Echidna Venom Gland Transcriptome Provides Insights into the Evolution of Monotreme Venom

  • Emily S. W. Wong, 
  • Stewart Nicol, 
  • Wesley C. Warren, 
  • Katherine Belov
PLOS
x

Abstract

Monotremes (echidna and platypus) are egg-laying mammals. One of their most unique characteristic is that males have venom/crural glands that are seasonally active. Male platypuses produce venom during the breeding season, delivered via spurs, to aid in competition against other males. Echidnas are not able to erect their spurs, but a milky secretion is produced by the gland during the breeding season. The function and molecular composition of echidna venom is as yet unknown. Hence, we compared the deeply sequenced transcriptome of an in-season echidna crural gland to that of a platypus and searched for putative venom genes to provide clues into the function of echidna venom and the evolutionary history of monotreme venom. We found that the echidna venom gland transcriptome was markedly different from the platypus with no correlation between the top 50 most highly expressed genes.
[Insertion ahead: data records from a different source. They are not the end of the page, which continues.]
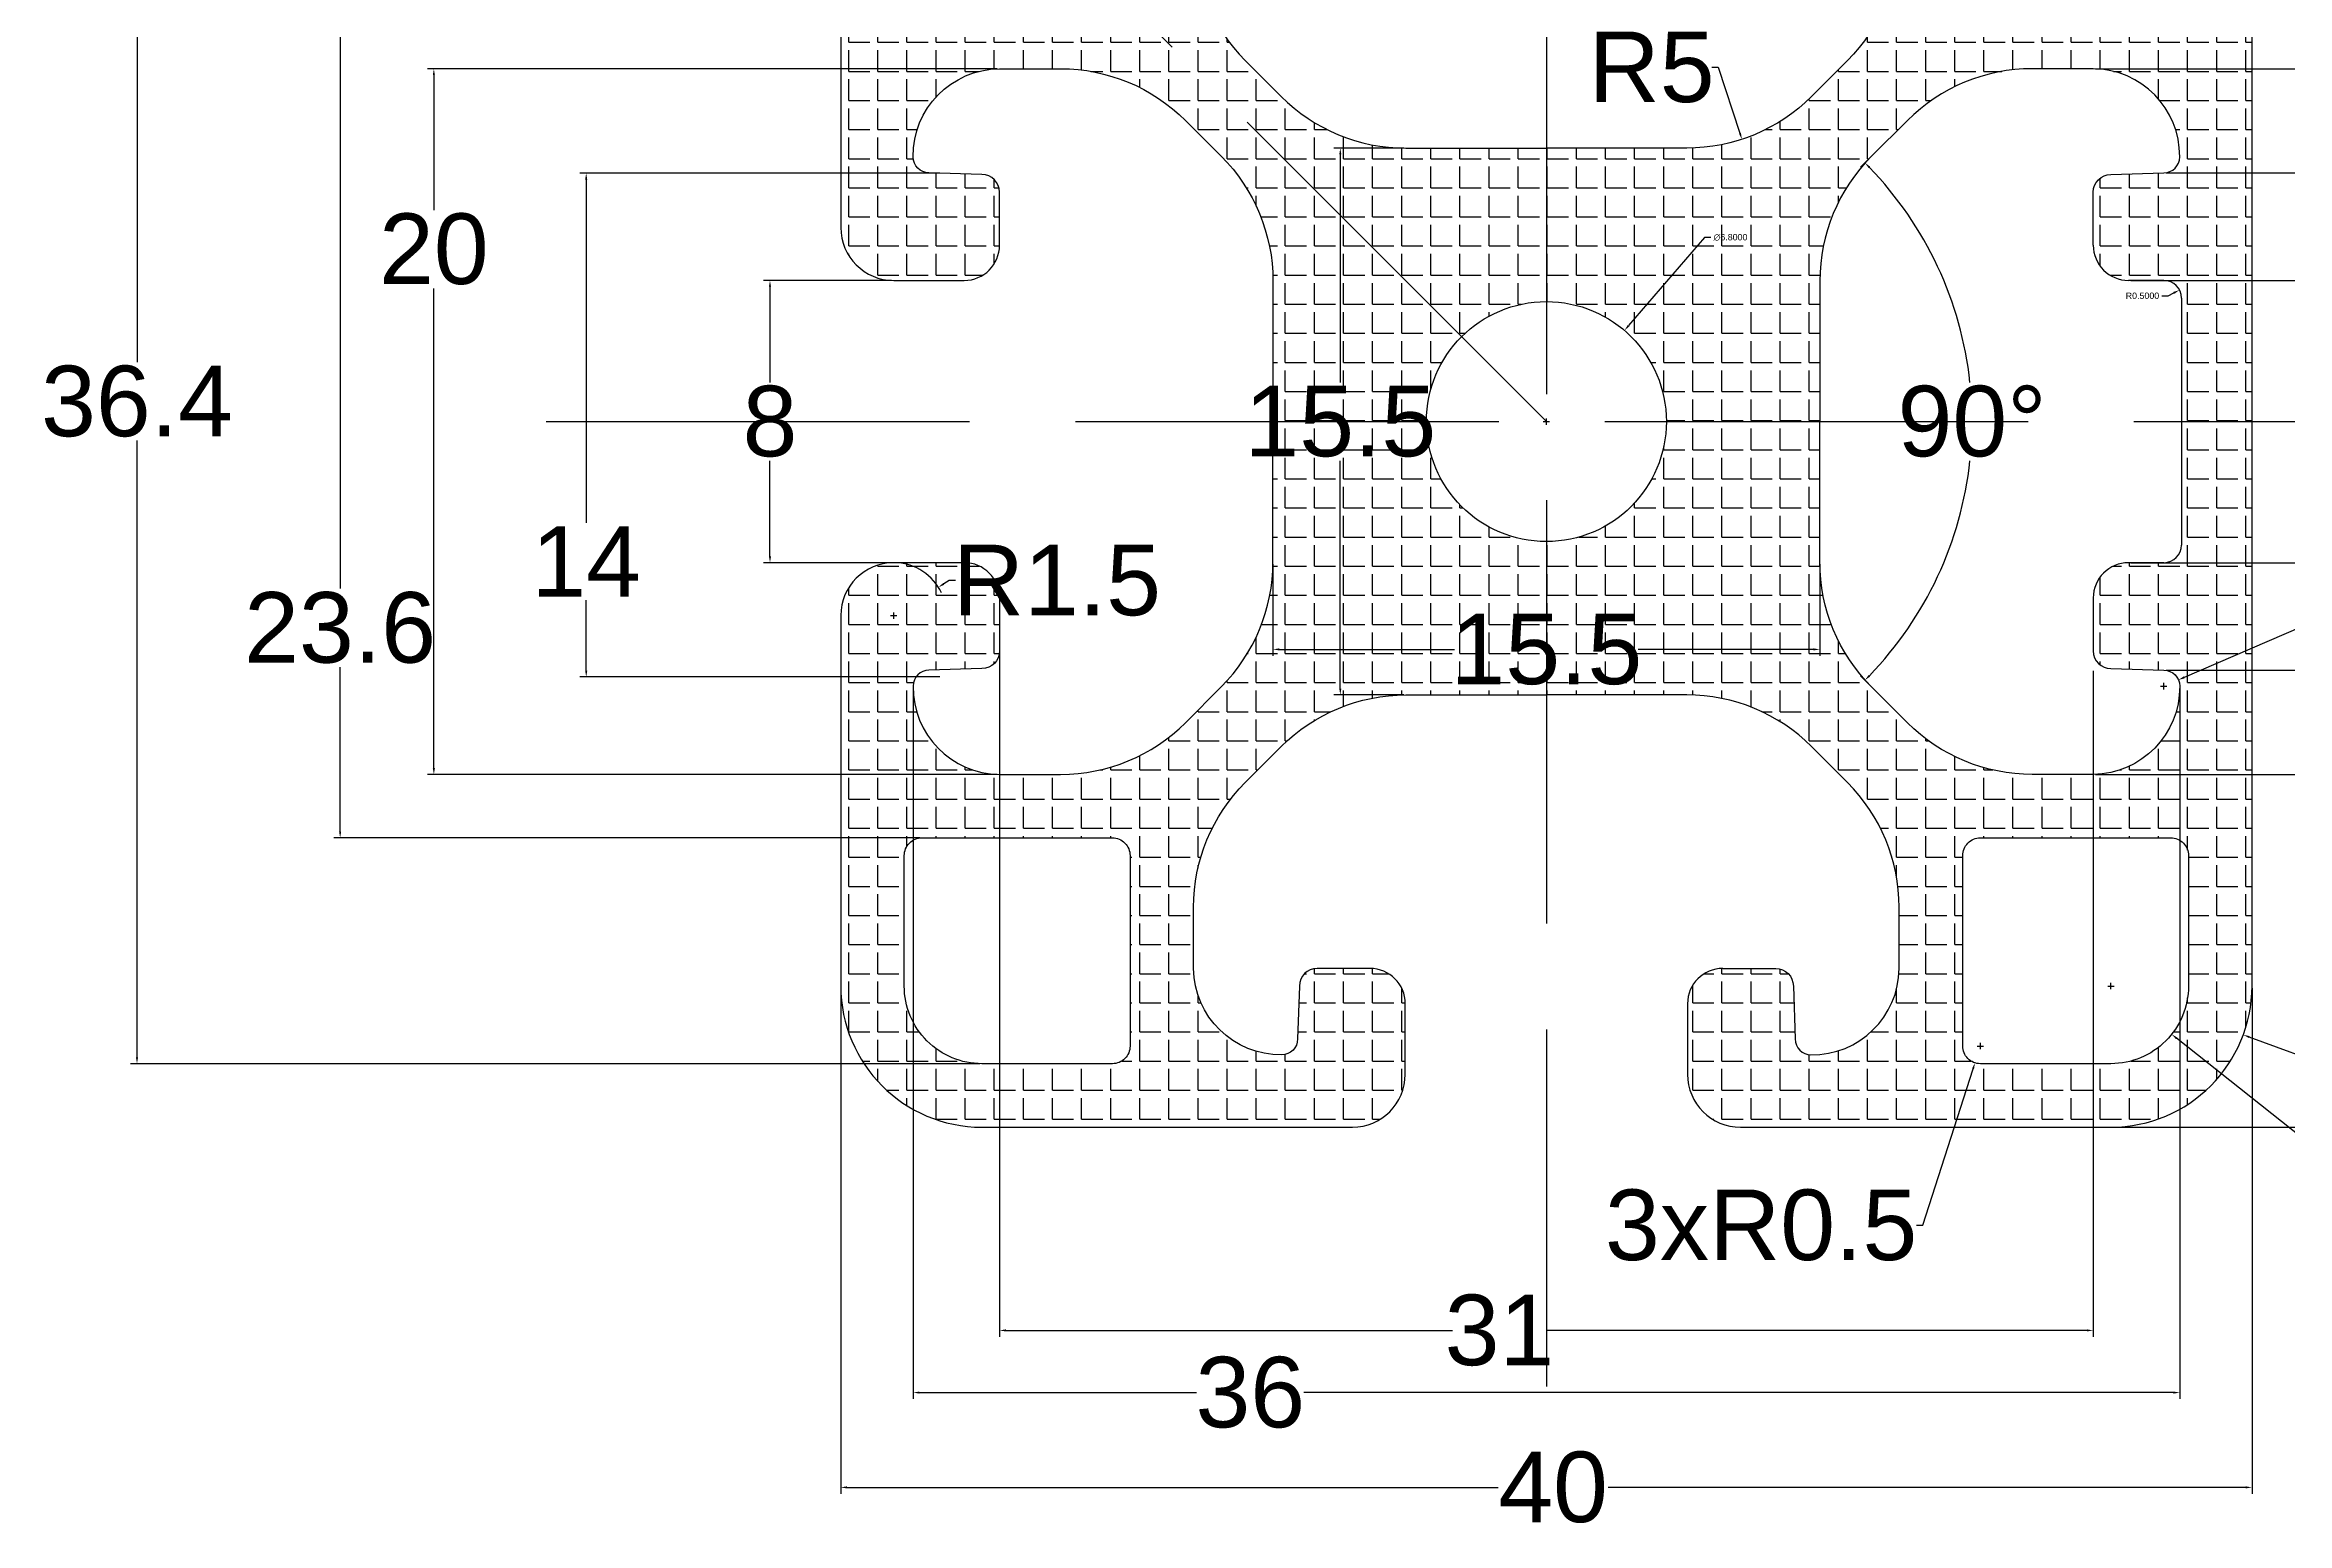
# Model space of a CAD drawing. Header units: inches. Extents: x 37.4 to 137.1, y 48.8 to 116.4.
# Drawn here: x 37.4 to 101, y 48.8 to 90.7 of the extents above; entities that cross this region are included whole.
import ezdxf

# ---------------------------------------------------------------- set-up
doc = ezdxf.new("R2010")
doc.units = ezdxf.units.IN
doc.header["$MEASUREMENT"] = 0
doc.linetypes.add('ACAD_ISO02W100', pattern=[15, 12, -3])
for name, color, linetype in [('Dimensions', 50, 'Continuous'), ('Dotted Line', 70, 'ACAD_ISO02W100'), ('Hashing', 130, 'Continuous')]:
    doc.layers.add(name, color=color, linetype=linetype)
doc.styles.get("Standard").update_dxf_attribs({"font": 'arial.ttf'})
doc.dimstyles.get("Standard").update_dxf_attribs({"dimtxt": 0.18, "dimasz": 0.18, "dimexe": 0.18, "dimexo": 0.0625, "dimgap": 0.09, "dimtad": 0, "dimtih": 1, "dimtoh": 1, "dimdec": 4, "dimzin": 0, "dimdsep": 46, "dimtxsty": 'Standard', "dimcen": 0.09, "dimadec": 0, "dimazin": 0, "dimtfac": 1, "dimtdec": 4, "dimtofl": 0, "dimtmove": 0, "dimatfit": 3, "dimfxl": 1, "dimtolj": 1, "dimtzin": 0, "dimarcsym": 0})

# ---------------------------------------------------------------- blocks, each defined once
blk = doc.blocks.new('*U2')
blk.add_lwpolyline([(2.7, -3.2), (-2.7, -3.2, -0.414214), (-3.2, -2.7), (-3.2, 1, -0.414214), (-1, 3.2), (2.7, 3.2, -0.414214), (3.2, 2.7), (3.2, -2.7, -0.414214)], format="xyb", close=True)
blk = doc.blocks.new('*U3')
at = {"color": 0, "linetype": 'ByBlock', "lineweight": -2, "transparency": 16777216}
blk.add_blockref('*U2', (65, 95), dxfattribs=at)
for p, rotation in [((95, 95), 270.0000000000001), ((65, 65), 90.00000000000006), ((95, 65), 180)]:
    blk.add_blockref('*U2', p, dxfattribs=dict(at, rotation=rotation))
blk = doc.blocks.new('*D4')
at = {"layer": 'Defpoints', "color": 0, "transparency": 16777216}
for p in [(64.5, 75), (95.5, 73), (95.5, 54.24)]:
    blk.add_point(p, dxfattribs=at)
at = {"layer": 'Dimensions', "color": 0, "lineweight": -2, "transparency": 16777216}
for p, q in [((64.5, 74.938), (64.5, 54.06)), ((95.5, 72.938), (95.5, 54.06)), ((64.68, 54.24), (77.343, 54.24)), ((95.32, 54.24), (80, 54.24))]:
    blk.add_line(p, q, dxfattribs=at)
at = {"layer": 'Dimensions', "color": 0, "transparency": 16777216}
for points in [[(64.68, 54.27), (64.68, 54.21), (64.5, 54.24)], [(95.32, 54.27), (95.32, 54.21), (95.5, 54.24)]]:
    blk.add_solid(points, dxfattribs=at)
at = {"layer": 'Dimensions', "color": 0, "transparency": 16777216, "insert": (78.671, 54.24), "char_height": 0.18, "attachment_point": 5}
blk.add_mtext('\\A1;{\\H11.11111x;31}', dxfattribs=at)
blk = doc.blocks.new('*D5')
at = {"layer": 'Defpoints', "color": 0, "transparency": 16777216}
for p in [(76.018, 87.75), (74.159, 72.25), (76.018, 72.25)]:
    blk.add_point(p, dxfattribs=at)
at = {"layer": 'Dimensions', "color": 0, "lineweight": -2, "transparency": 16777216}
for p, q in [((75.956, 87.75), (73.979, 87.75)), ((74.159, 87.57), (74.159, 81.111)), ((74.159, 72.43), (74.159, 78.889)), ((75.956, 72.25), (73.979, 72.25))]:
    blk.add_line(p, q, dxfattribs=at)
at = {"layer": 'Dimensions', "color": 0, "transparency": 16777216}
for points in [[(74.129, 87.57), (74.189, 87.57), (74.159, 87.75)], [(74.129, 72.43), (74.189, 72.43), (74.159, 72.25)]]:
    blk.add_solid(points, dxfattribs=at)
at = {"layer": 'Dimensions', "color": 0, "transparency": 16777216, "insert": (74.159, 80), "char_height": 0.18, "attachment_point": 5}
blk.add_mtext('\\A1;{\\H11.11111x;15.5}', dxfattribs=at)
blk = doc.blocks.new('*D6')
at = {"layer": 'Defpoints', "color": 0, "transparency": 16777216}
for p in [(72.25, 76.018), (87.75, 76.018), (87.75, 73.542)]:
    blk.add_point(p, dxfattribs=at)
at = {"layer": 'Dimensions', "color": 0, "lineweight": -2, "transparency": 16777216}
for p, q in [((72.25, 75.956), (72.25, 73.362)), ((87.75, 75.956), (87.75, 73.362)), ((72.43, 73.542), (77.399, 73.542)), ((87.57, 73.542), (82.601, 73.542))]:
    blk.add_line(p, q, dxfattribs=at)
at = {"layer": 'Dimensions', "color": 0, "transparency": 16777216}
for points in [[(72.43, 73.572), (72.43, 73.512), (72.25, 73.542)], [(87.57, 73.572), (87.57, 73.512), (87.75, 73.542)]]:
    blk.add_solid(points, dxfattribs=at)
at = {"layer": 'Dimensions', "color": 0, "transparency": 16777216, "insert": (80, 73.542), "char_height": 0.18, "attachment_point": 5}
blk.add_mtext('\\A1;{\\H11.11111x;15.5}', dxfattribs=at)
blk = doc.blocks.new('*D7')
at = {"layer": 'Defpoints', "color": 0, "transparency": 16777216}
for p in [(90.233, 88.536), (89.214, 87.517), (91.713, 77.316), (89.214, 72.483), (90.233, 71.464)]:
    blk.add_point(p, dxfattribs=at)
at = {"layer": 'Dimensions', "color": 0, "lineweight": -2, "transparency": 16777216}
for p, q in [((89.17, 87.473), (88.902, 87.205)), ((89.17, 72.527), (88.902, 72.795))]:
    blk.add_line(p, q, dxfattribs=at)
for start, end in [(6.15149, 44.00539), (315.99461, 353.84851)]:
    blk.add_arc((81.697, 80), 10.369, start, end, dxfattribs=at)
at = {"layer": 'Dimensions', "color": 0, "transparency": 16777216}
for points in [[(89.134, 87.183), (89.177, 87.225), (89.029, 87.332)], [(89.177, 72.775), (89.134, 72.817), (89.029, 72.668)]]:
    blk.add_solid(points, dxfattribs=at)
at = {"layer": 'Dimensions', "color": 0, "transparency": 16777216, "insert": (92.066, 80), "char_height": 0.18, "attachment_point": 5}
blk.add_mtext('\\A1;{\\H11.11111x;90°}', dxfattribs=at)
blk = doc.blocks.new('*D8')
at = {"layer": 'Defpoints', "color": 0, "transparency": 16777216}
for p in [(96.5, 84), (96.5, 76), (108.475, 76)]:
    blk.add_point(p, dxfattribs=at)
at = {"layer": 'Dimensions', "color": 0, "lineweight": -2, "transparency": 16777216}
for p, q in [((96.563, 84), (108.655, 84)), ((108.475, 83.82), (108.475, 81.111)), ((108.475, 76.18), (108.475, 78.889)), ((96.563, 76), (108.655, 76))]:
    blk.add_line(p, q, dxfattribs=at)
at = {"layer": 'Dimensions', "color": 0, "transparency": 16777216}
for points in [[(108.445, 83.82), (108.505, 83.82), (108.475, 84)], [(108.445, 76.18), (108.505, 76.18), (108.475, 76)]]:
    blk.add_solid(points, dxfattribs=at)
at = {"layer": 'Dimensions', "color": 0, "transparency": 16777216, "insert": (108.475, 80), "char_height": 0.18, "attachment_point": 5}
blk.add_mtext('\\A1;{\\H11.11111x;8}', dxfattribs=at)
blk = doc.blocks.new('*D9')
at = {"layer": 'Defpoints', "color": 0, "transparency": 16777216}
for p in [(97.5, 87.05), (97.5, 72.95), (117.66, 72.95)]:
    blk.add_point(p, dxfattribs=at)
at = {"layer": 'Dimensions', "color": 0, "lineweight": -2, "transparency": 16777216}
for p, q in [((97.563, 87.05), (117.84, 87.05)), ((117.66, 86.87), (117.66, 85.314)), ((117.66, 73.13), (117.66, 83.126)), ((97.563, 72.95), (117.84, 72.95))]:
    blk.add_line(p, q, dxfattribs=at)
at = {"layer": 'Dimensions', "color": 0, "transparency": 16777216}
for points in [[(117.63, 86.87), (117.69, 86.87), (117.66, 87.05)], [(117.63, 73.13), (117.69, 73.13), (117.66, 72.95)]]:
    blk.add_solid(points, dxfattribs=at)
at = {"layer": 'Dimensions', "color": 0, "transparency": 16777216, "insert": (117.66, 84.22), "char_height": 0.18, "attachment_point": 5}
blk.add_mtext('\\A1;{\\H11.11111x;14}', dxfattribs=at)
blk = doc.blocks.new('*D10')
at = {"layer": 'Defpoints', "color": 0, "transparency": 16777216}
for p in [(95.5, 90), (95.5, 70), (121.977, 70)]:
    blk.add_point(p, dxfattribs=at)
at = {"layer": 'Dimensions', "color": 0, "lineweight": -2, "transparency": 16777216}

Four peptides found in the venom of the platypus were detected in the echidna transcriptome. However, these genes were not highly expressed in echidna, suggesting that they are the remnants of the evolutionary history of the ancestral venom gland. Gene ontology terms associated with the top 100 most highly expressed genes in echidna, showed functional terms associated with steroidal and fatty acid production, suggesting that echidna “venom” may play a role in scent communication during the breeding season. The loss of the ability to erect the spur and other unknown evolutionary forces acting in the echidna lineage resulted in the gradual decay of venom components and the evolution of a new role for the crural gland.

Introduction

Monotremes are egg-laying mammals and include the platypus (Ornithorhynchus anatinus), the short-beaked echidna (Tachyglossus aculeatus) (shown in Figure 1), and the long-beaked echidnas (Zaglossus sp). It has been long recognised that male platypuses have spurs on their hind legs that are connected to venom glands by venom ducts. The venom glands increase in size during the breeding season [1], [2]. During this period, males exhibit aggressive behaviours towards other males. In the platypus the venom is delivered into its victim through spurring events. The venom contains a complex mixture of peptides that cause intense pain and swelling. The recent sequencing of the platypus genome and the venom transcriptome has allowed us to more comprehensively characterise many of these peptides and determine their evolutionary origins. For instance, we showed that the key component of platypus venom, the defensin-like peptides (DLPs) evolved by gene duplication from the antimicrobial peptide β-defensin genes [3]. The function of DLPs is unknown, although they do not have any antimicrobial characteristics [4]. Other platypus venom components include C-type natriuretic peptides, which is known to cause histamine release [5], and calcium influx [6], as well as hyaluronidase, amide oxidase, protease inhibitor, proteins associated with mammalian stress response pathway and immune molecules, discovered by shot-gun proteomics [7].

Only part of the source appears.